Pledge() – a new mitigation mechanism in OpenBSD - acchan
http://www.openbsd.org/papers/hackfest2015-pledge/mgp00001.html
======
Animats
The problem with granular privileges is that programs want too many of them.
See any Android flashlight app. Theo is getting good results on tightening up
the classic UNIX command line tools. Has he tried EMACS yet?

Also, a bigger problem than system calls is what parts of the file system the
program can access. The concept that a program has all the privileges of its
owner is the biggest single problem with permissions.

What might work is having a few general classes of programs, with appropriate
restrictions. Consider, for example, permission set "game, single player":

\- Can read anything in its install package. \- Can read/write only to working
directory associated with product/user combination. \- Can go full screen, use
audio output (not microphone), access mouse/touch, etc.

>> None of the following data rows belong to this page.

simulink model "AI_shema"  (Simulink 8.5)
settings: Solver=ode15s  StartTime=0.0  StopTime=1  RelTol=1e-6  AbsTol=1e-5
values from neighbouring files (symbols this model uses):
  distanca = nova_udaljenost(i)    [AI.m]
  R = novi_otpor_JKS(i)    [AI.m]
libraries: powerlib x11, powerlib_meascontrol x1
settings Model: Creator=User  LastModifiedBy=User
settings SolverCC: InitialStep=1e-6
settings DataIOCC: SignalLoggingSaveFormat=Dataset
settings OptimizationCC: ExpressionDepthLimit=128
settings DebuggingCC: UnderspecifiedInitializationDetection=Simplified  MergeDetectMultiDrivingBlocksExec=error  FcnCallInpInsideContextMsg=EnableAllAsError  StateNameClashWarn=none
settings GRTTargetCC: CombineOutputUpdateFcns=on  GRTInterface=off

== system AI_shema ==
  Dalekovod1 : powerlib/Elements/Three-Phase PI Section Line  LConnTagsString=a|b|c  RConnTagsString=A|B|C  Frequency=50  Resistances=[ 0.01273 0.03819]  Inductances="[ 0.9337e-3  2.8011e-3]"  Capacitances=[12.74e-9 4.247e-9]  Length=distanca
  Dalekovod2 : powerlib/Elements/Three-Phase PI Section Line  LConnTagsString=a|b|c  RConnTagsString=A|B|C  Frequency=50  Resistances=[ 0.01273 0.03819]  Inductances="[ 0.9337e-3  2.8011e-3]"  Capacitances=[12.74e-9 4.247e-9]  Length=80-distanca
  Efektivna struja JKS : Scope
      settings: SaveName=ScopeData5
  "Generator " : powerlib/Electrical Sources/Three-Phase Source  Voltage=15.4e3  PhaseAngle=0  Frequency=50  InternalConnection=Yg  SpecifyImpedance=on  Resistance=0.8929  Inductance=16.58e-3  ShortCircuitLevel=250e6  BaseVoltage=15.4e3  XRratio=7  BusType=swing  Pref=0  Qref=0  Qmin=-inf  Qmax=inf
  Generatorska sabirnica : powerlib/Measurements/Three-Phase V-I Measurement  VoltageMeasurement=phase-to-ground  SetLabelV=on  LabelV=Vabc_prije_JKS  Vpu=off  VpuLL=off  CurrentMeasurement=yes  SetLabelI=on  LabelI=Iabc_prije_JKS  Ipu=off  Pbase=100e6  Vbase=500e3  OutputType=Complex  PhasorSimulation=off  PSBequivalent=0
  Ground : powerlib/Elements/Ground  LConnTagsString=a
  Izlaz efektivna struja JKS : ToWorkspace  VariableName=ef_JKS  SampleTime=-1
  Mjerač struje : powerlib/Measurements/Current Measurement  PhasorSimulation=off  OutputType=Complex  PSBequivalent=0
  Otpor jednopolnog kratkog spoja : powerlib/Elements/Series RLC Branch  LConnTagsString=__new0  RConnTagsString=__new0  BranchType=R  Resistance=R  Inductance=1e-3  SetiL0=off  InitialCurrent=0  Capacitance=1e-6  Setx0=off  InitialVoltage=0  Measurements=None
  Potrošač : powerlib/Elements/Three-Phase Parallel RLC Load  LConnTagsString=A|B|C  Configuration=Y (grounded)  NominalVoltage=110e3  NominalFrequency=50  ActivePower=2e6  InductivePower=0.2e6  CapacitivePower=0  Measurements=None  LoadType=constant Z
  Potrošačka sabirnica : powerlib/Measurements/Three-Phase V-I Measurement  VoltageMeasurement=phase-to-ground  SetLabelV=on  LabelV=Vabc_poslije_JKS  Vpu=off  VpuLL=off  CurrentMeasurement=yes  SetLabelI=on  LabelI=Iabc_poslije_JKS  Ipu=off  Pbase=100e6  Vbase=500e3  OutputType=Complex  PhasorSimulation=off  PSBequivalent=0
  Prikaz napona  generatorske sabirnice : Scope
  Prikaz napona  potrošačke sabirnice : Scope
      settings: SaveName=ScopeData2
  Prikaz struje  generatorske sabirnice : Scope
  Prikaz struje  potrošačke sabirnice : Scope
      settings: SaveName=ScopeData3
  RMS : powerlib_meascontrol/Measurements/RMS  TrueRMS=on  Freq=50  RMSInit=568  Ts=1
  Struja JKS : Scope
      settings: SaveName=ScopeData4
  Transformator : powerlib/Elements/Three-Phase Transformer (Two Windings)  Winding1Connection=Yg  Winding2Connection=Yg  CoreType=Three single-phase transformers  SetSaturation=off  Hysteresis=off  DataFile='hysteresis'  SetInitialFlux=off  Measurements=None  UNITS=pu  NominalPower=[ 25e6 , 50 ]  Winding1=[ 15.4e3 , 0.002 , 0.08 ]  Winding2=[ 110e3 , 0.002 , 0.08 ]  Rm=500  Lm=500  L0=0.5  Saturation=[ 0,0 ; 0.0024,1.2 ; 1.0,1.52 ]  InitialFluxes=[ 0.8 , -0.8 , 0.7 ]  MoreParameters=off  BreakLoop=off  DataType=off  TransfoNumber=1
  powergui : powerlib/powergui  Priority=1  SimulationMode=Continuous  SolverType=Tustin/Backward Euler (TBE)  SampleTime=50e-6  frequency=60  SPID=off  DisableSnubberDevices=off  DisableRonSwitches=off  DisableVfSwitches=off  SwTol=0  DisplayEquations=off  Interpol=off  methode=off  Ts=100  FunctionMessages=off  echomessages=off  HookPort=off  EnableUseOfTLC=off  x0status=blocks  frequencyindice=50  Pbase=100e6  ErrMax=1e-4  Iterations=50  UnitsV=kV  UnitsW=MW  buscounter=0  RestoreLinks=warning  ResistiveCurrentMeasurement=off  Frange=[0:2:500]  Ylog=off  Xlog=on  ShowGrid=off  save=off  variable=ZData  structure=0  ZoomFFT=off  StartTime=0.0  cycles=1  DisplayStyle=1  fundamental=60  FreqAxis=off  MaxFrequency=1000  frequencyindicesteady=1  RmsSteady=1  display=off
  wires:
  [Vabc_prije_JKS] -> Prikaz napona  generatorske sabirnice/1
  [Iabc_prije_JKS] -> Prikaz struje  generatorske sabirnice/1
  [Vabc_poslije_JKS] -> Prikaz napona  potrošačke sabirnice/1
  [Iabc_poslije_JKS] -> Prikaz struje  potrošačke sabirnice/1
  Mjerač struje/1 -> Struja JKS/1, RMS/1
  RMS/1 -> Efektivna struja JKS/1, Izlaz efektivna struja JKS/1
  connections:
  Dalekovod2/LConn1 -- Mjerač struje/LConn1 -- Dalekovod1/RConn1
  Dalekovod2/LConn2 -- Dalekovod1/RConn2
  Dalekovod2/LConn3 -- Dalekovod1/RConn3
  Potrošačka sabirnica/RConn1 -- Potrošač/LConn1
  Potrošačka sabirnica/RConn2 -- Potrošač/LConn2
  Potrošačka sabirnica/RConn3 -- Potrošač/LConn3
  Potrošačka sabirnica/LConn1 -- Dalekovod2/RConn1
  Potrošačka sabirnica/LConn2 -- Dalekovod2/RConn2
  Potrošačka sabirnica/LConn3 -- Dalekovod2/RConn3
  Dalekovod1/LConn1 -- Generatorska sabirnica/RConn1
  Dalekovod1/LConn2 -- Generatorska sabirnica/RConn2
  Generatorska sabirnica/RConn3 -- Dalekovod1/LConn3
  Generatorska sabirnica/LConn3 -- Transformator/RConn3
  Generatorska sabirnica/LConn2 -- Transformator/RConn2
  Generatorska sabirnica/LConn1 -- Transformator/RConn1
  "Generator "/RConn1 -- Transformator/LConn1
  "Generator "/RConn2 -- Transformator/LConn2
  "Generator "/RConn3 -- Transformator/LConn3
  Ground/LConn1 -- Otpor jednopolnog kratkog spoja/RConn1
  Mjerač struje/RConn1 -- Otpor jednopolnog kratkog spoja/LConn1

That seems reasonable. Angry Birds could run under those restrictions. For
some games, the DRM won't work, the anti-cheating won't work, the ads won't
work, the in-game purchasing won't work, the updater won't work, and the
social leader board won't work. Still, it would be reasonable to require in an
app store that games still work locked down to that level, even if some
features are disabled.

One way an app store might make this work is that programs which require very
limited permissions are easy to get into the store. Programs which require
extensive permissions go into the "adults only" section of the store, or have
to go through a source code audit at the developer's expense.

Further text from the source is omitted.